Tim argues that British democracy is being undermined by judicial activism. Supreme Court Justice Antonin Scalia made a similar argument to the Times last year using the more poetic and, perhaps, informative term 'judicial aristocracy'. Tim is going to write to Dominic Grieve requesting clarification of the Conservative Party position on this issue. Unfortunately, this article by Fraser Nelson suggests that Grieve might take a different position.
There are a number of problems with British judicial activism:
1) An unnecessary sacrifice of democracy
Many nations have needed written constitutions and judicial power to curb majority tyranny. They're an imperfect tool, though. Constitutions can be circumvented and such 'safeguards' imply sacrificing the principle of rule by the demos to a significant degree. It is to our nations eternal credit that we haven't needed to make that sacrifice. We've done as well as any, and far better than most, without it. I see no need to sacrifice that great tradition now. The great threats to our liberty come not from an angry majority but unnacountable minorities whether in Europe or our own bureaucracy and political class.

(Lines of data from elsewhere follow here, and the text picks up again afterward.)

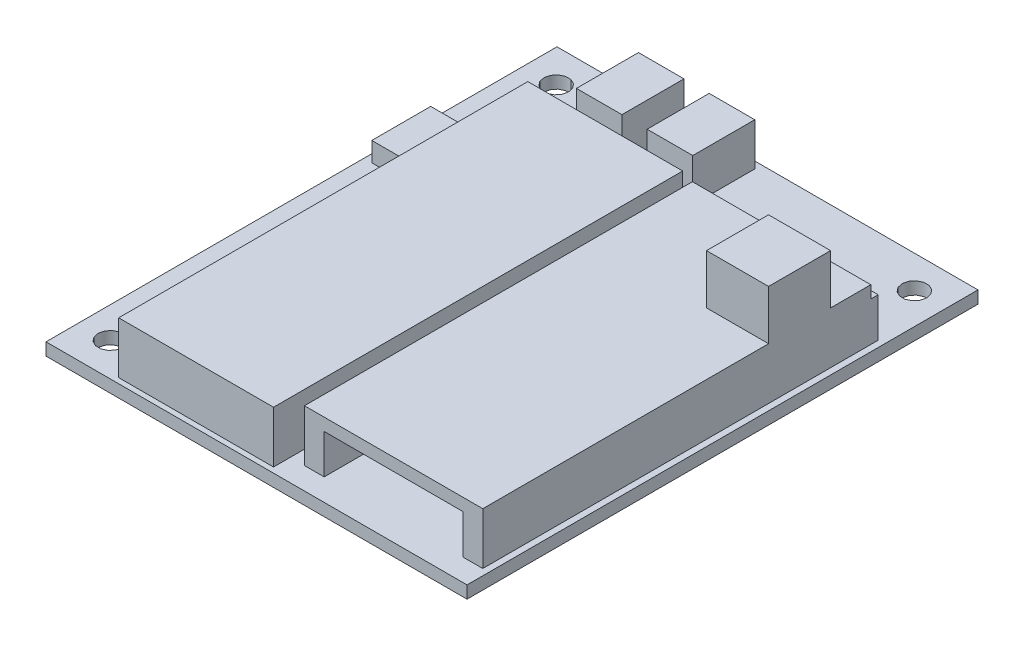
# Autodesk Inventor part: PCB
Saved by Autodesk Inventor 2017 (Build 210142000, 142)
## iProperties
Created: 2017-03-19
Part Number: PCB
Material: Generic
Document SubType Name: Modeling
Designer: Liam
Density: 1 g/cm^3
Appearance: Default
Author: Liam
Autodesk Inventor part; units mm, degrees
ref_plane "YZ Plane" through (0, 0, 0) normal (1, 0, 0) x (0, 1, 0)
ref_plane "XZ Plane" through (0, 0, 0) normal (0, 1, 0) x (-1, 0, 0)
ref_plane "XY Plane" through (0, 0, 0) normal (0, 0, 1) x (1, 0, 0)
sketch "Sketch1" plane through (0, 0, 0) normal (0, 1, 0) x (-1, 0, 0)
  line L0 (0, 0) -> (-54.3, 0)
  line L1 (-54.3, 0) -> (-54.3, -65.9)
  line L2 (-54.3, -65.9) -> (0, -65.9)
  line L3 (0, -65.9) -> (0, 0)
  dimension "d0" = 54.3
  dimension "d1" = 65.9
  constraints: 8 end point, 2 parallel, 1 horizontal, 1 perpendicular
  measures "d0" distance of L2.end L1.end
  measures "d1" distance of L1.end L0.end
extrude "Extrusion1" add sketch "Sketch1" along normal blind 1.6
sketch "Sketch2" plane through (0, 1.6, 0) normal (0, 1, 0) x (1, 0, 0)
  line L0 (0, 65.9) -> (0, 0) projected
  line L1 (54.3, 65.9) -> (0, 65.9) projected
  line L2 (54.3, 0) -> (54.3, 65.9) projected
  line L3 (0, 0) -> (54.3, 0) projected
  point P0 (4.2, 61.6)
  point P1 (50.3, 61.7)
  point P2 (4, 4.3)
  dimension "d4" = 4.2
  dimension "d5" = 4.3
  dimension "d6" = 4
  dimension "d7" = 4.2
  dimension "d8" = 4
  dimension "d9" = 4.3
  measures "d4" distance from line of L0 point (4.2, 61.6)
  measures "d5" distance from line of point (4.2, 61.6) L1
  measures "d6" distance from line of point (50.3, 61.7) L2
  measures "d7" distance from line of point (50.3, 61.7) L1
  measures "d8" distance from line of point (4, 4.3) L0
  measures "d9" distance from line of L3 point (4, 4.3)
hole "Hole1" at (4.2, 1.6, -61.6) at (50.3, 1.6, -61.7) at (4, 1.6, -4.3) direction (0, -1, 0) diameter 3.175 end through all
sketch "Sketch3" plane through (0, 1.6, 0) normal (0, 1, 0) x (1, 0, 0)
  line L0 (53.4872, 53.8448) -> (53.4872, 2.8448)
  line L1 (30.4872, 2.8448) -> (30.4872, 52.8828)
  line L2 (0, 0) -> (54.3, 0) projected
  line L3 (54.3, 0) -> (54.3, 65.9) projected
  line L4 (33.0272, 52.8828) -> (33.0272, 2.8448)
  line L5 (50.9472, 53.8448) -> (50.9472, 2.8448)
  line L6 (30.4872, 52.8828) -> (33.0272, 52.8828)
  line L7 (50.9472, 53.8448) -> (53.4872, 53.8448)
  line L8 (53.4872, 2.8448) -> (50.9472, 2.8448)
  line L9 (33.0272, 2.8448) -> (30.4872, 2.8448)
  dimension "d17" = 23
  dimension "d18" = 51
  dimension "d20" = 0.8128
  dimension "d21" = 2.54
  dimension "d22" = 2.54
  constraints: 16 end point, 6 perpendicular, 5 parallel, 2 horizontal
  measures "d17" distance of L0.end L1.start
  measures "d18" distance of L0.start L0.end
  measures "d20" distance between parallel lines of L3 L0
  measures "d21" distance between parallel lines of L4 L1
  measures "d22" distance between parallel lines of L5 L0
extrude "Extrusion2" add sketch "Sketch3" along normal blind 5.08
sketch "Sketch4" plane through (0, 6.68, 0) normal (0, 1, 0) x (1, 0, 0)
  line L0 (30.4872, 52.8828) -> (30.4872, 2.8448) projected
  line L1 (30.4872, 2.8448) -> (33.0272, 2.8448) projected
  line L2 (33.0272, 2.8448) -> (33.0272, 52.8828) projected
  line L3 (33.0272, 52.8828) -> (30.4872, 52.8828) projected
  line L4 (53.4872, 2.8448) -> (53.4872, 53.8448) projected
  line L5 (50.9472, 53.8448) -> (50.9472, 2.8448) projected
  line L6 (50.9472, 2.8448) -> (53.4872, 2.8448) projected
  line L7 (53.4872, 53.8448) -> (50.9472, 53.8448) projected
  line L8 (30.4872, 52.8828) -> (30.4872, 2.8448) projected
  line L9 (30.4872, 52.8828) -> (53.4872, 52.8828)
  line L10 (53.4872, 52.8828) -> (53.4872, 2.8448)
  line L11 (53.4872, 2.8448) -> (30.4872, 2.8448)
  line L12 (30.4872, 2.8448) -> (30.4872, 52.8828)
  point P0 (0, 0)
  constraints: 8 end point, 2 parallel, 1 horizontal, 1 perpendicular
extrude "Extrusion3" add sketch "Sketch4" along normal blind 1.6 contours L3 L2 L1 L0 | L9 L5 L11 L2 | L9 L4 L6 L5
sketch "Sketch5" plane through (0, 8.28, 0) normal (0, 1, 0) x (1, 0, 0)
  line L0 (45.4872, 47.7) -> (53.4872, 47.7)
  line L1 (53.4872, 47.7) -> (53.4872, 39.7)
  line L2 (53.4872, 39.7) -> (45.4872, 39.7)
  line L3 (45.4872, 39.7) -> (45.4872, 47.7)
  line L4 (53.4872, 2.8448) -> (53.4872, 52.8828) projected
  line L5 (53.4872, 52.8828) -> (30.4872, 52.8828) projected
  line L6 (0, 0) -> (54.3, 0) projected
  line L7 (30.4872, 52.8828) -> (30.4872, 2.8448) projected
  line L8 (30.4872, 2.8448) -> (53.4872, 2.8448) projected
  line L9 (53.4872, 2.8448) -> (53.4872, 52.8828) projected
  line L10 (53.4872, 52.8828) -> (30.4872, 52.8828) projected
  dimension "d27" = 8
  dimension "d28" = 8
  dimension "d61" = 39.7
  constraints: 8 end point, 2 collinear, 2 parallel, 1 horizontal, 1 perpendicular
  measures "d27" distance of L1.end L2.end
  measures "d28" distance of L0.end L1.end
  measures "d61" distance between parallel lines of L6 L2
extrude "Extrusion4" add sketch "Sketch5" along normal blind 6.4 contours L0 L1 L2 L3
sketch "Sketch7" plane through (0, 1.6, 0) normal (0, 1, 0) x (1, 0, 0)
  line L0 (1.016, 48.6) -> (6.096, 48.6)
  line L1 (6.096, 48.6) -> (6.096, 41)
  line L2 (6.096, 41) -> (1.016, 41)
  line L3 (1.016, 41) -> (1.016, 48.6)
  line L4 (54.3, 65.9) -> (0, 65.9) projected
  line L5 (0, 65.9) -> (0, 0) projected
  dimension "d32" = 5.08
  dimension "d33" = 7.6
  dimension "d34" = 17.3
  dimension "d35" = 1.016
  constraints: 8 end point, 2 parallel, 1 horizontal, 1 perpendicular
  measures "d32" distance of L1.end L2.end
  measures "d33" distance of L0.end L1.end
  measures "d34" distance between parallel lines of L0 L4
  measures "d35" distance between parallel lines of L5 L3
extrude "Extrusion5" add sketch "Sketch7" along normal blind 2.5
sketch "Sketch8" plane through (0, 1.6, 0) normal (0, 1, 0) x (1, 0, 0)
  line L0 (11.4, 65.011) -> (17.268, 65.011)
  line L1 (17.268, 65.011) -> (17.268, 57.01)
  line L2 (17.268, 57.01) -> (11.4, 57.01)
  line L3 (11.4, 57.01) -> (11.4, 65.011)
  line L4 (0, 65.9) -> (0, 0) projected
  line L5 (54.3, 65.9) -> (0, 65.9) projected
  line L6 (20.5192, 65.011) -> (26.4, 65.011)
  line L7 (26.4, 65.011) -> (26.4, 57.01)
  line L8 (26.4, 57.01) -> (20.5192, 57.01)
  line L9 (20.5192, 57.01) -> (20.5192, 65.011)
  dimension "d39" = 8.001
  dimension "d40" = 11.4
  dimension "d41" = 0.889
  dimension "d43" = 8.001
  dimension "d44" = 3.2512
  dimension "d45" = 0.889
  dimension "d60" = 15
  constraints: 16 end point, 4 parallel, 2 horizontal, 2 perpendicular
  measures "d39" distance of L0.end L1.end
  measures "d40" distance between parallel lines of L3 L4
  measures "d41" distance between parallel lines of L0 L5
  measures "d43" distance of L6.end L7.end
  measures "d44" distance between parallel lines of L9 L1
  measures "d45" distance between parallel lines of L6 L5
  measures "d60" distance between parallel lines of L7 L3
extrude "Extrusion6" add sketch "Sketch8" along normal blind 5.5
sketch "Sketch9" plane through (0, 1.6, 0) normal (0, 1, 0) x (1, 0, 0)
  line L0 (8.6868, 53.454) -> (28.6584, 53.454)
  line L1 (28.6584, 53.454) -> (28.6584, 0.6858)
  line L2 (28.6584, 0.6858) -> (8.6868, 0.6858)
  line L3 (8.6868, 0.6858) -> (8.6868, 53.454)
  line L4 (54.3, 65.9) -> (0, 65.9) projected
  line L5 (30.4872, 52.8828) -> (30.4872, 2.8448) projected
  line L6 (0, 65.9) -> (0, 0) projected
  line L7 (0, 0) -> (54.3, 0) projected
  dimension "d48" = 12.446
  dimension "d49" = 1.8288
  dimension "d50" = 8.6868
  dimension "d51" = 0.6858
  constraints: 8 end point, 2 parallel, 1 horizontal, 1 perpendicular
  measures "d48" distance between parallel lines of L0 L4
  measures "d49" distance between parallel lines of L5 L1
  measures "d50" distance between parallel lines of L6 L3
  measures "d51" distance between parallel lines of L7 L2
extrude "Extrusion7" add sketch "Sketch9" along normal up to surface (6.68 mm away)
sketch "Sketch10" plane through (0, 0, 0) normal (0, -1, 0) x (1, 0, 0)
  line L0 (42.5398, -21.577) -> (24.1808, -21.577)
  line L1 (24.1808, -21.577) -> (24.1808, -12.2936)
  line L2 (24.1808, -12.2936) -> (42.5398, -12.2936)
  line L3 (42.5398, -12.2936) -> (42.5398, -21.577)
  line L4 (54.3, -65.9) -> (0, -65.9) projected
  line L5 (54.3, 0) -> (54.3, -65.9) projected
  line L6 (0, -65.9) -> (0, 0) projected
  line L7 (0, 0) -> (54.3, 0) projected
  dimension "d54" = 44.323
  dimension "d55" = 11.7602
  dimension "d56" = 24.1808
  dimension "d57" = 12.2936
  constraints: 8 end point, 2 parallel, 1 horizontal, 1 perpendicular
  measures "d54" distance between parallel lines of L4 L0
  measures "d55" distance between parallel lines of L5 L3
  measures "d56" distance between parallel lines of L6 L1
  measures "d57" distance between parallel lines of L2 L7
extrude "Extrusion8" add sketch "Sketch10" along normal blind 1.016 contours L0 L1 L2 L3
body "Solid1"

2) Lawyers don't think like 'normal' people
Every profession comes with its own set of cognitive biases. A tendency among its practitioners to a particular way of understanding the world around them. These biases can affect the way people approach important debates. One example is that lawyers tend to be sceptical of deterrence.
A couple of generalisations: Every economist, if they're honest and believe in their discipline, believes in deterrence. We understand the world in terms of incentives and expect that setting up a powerful disincentive to being a criminal will, ceteris paribus, reduce the amount of criminality. We have very good empirical evidence that this is the case. By contrast, every lawyer, in their heart of hearts, thinks that the very idea of deterrence is unhelpful and, most of the time, pretty specious. They spend their entire career thinking in terms of individual cases. That's usually how they learn law and how they practice - one case at a time. The big picture isn't something they have any serious reason to look at and sentencing one person harshly just to affect the attitudes of others seems unjust.
These two disciplines sit at opposite ends of this crucial debate. Worse, we can't even talk to each other. Economists sound brutal and unrealistic to the lawyers, lawyers sound wooly-minded and sappy to the economists.
There is no infallible way of getting to the truth of the matter, which side is right. It is a decision that is rightly left to the people in a democracy as I set out in point one. Further, if the lawyers are given a priviliged position to change policy, beyond their ability to convince people, it can mean a massive bias against the right-wing position.
3) Weakening the defence of liberalism
Constitutions and the judges who enforce them cannot, themselves, defend liberalism. The populace can always ignore, change or pervert constitutional rules and disregard or replace judges. A constitution only has value if it has legitimacy. The American Constitution, and the power of judges to enforce it, isn't contested. People believe that free speech, for example, does deserve particular protection as a constitutional right. There is no such source of legitimacy for the British judiciary and they appeal to foreign documents such as the ECHR. This means that the judicial aristocracy actually weakens, by association, liberalism itself by association. The concept of "human rights" itself becomes thought of, by the population at large, as a foreign charter defending awful men on spurious grounds.
I've put these arguments to lawyers many times. The last is usually the most successful.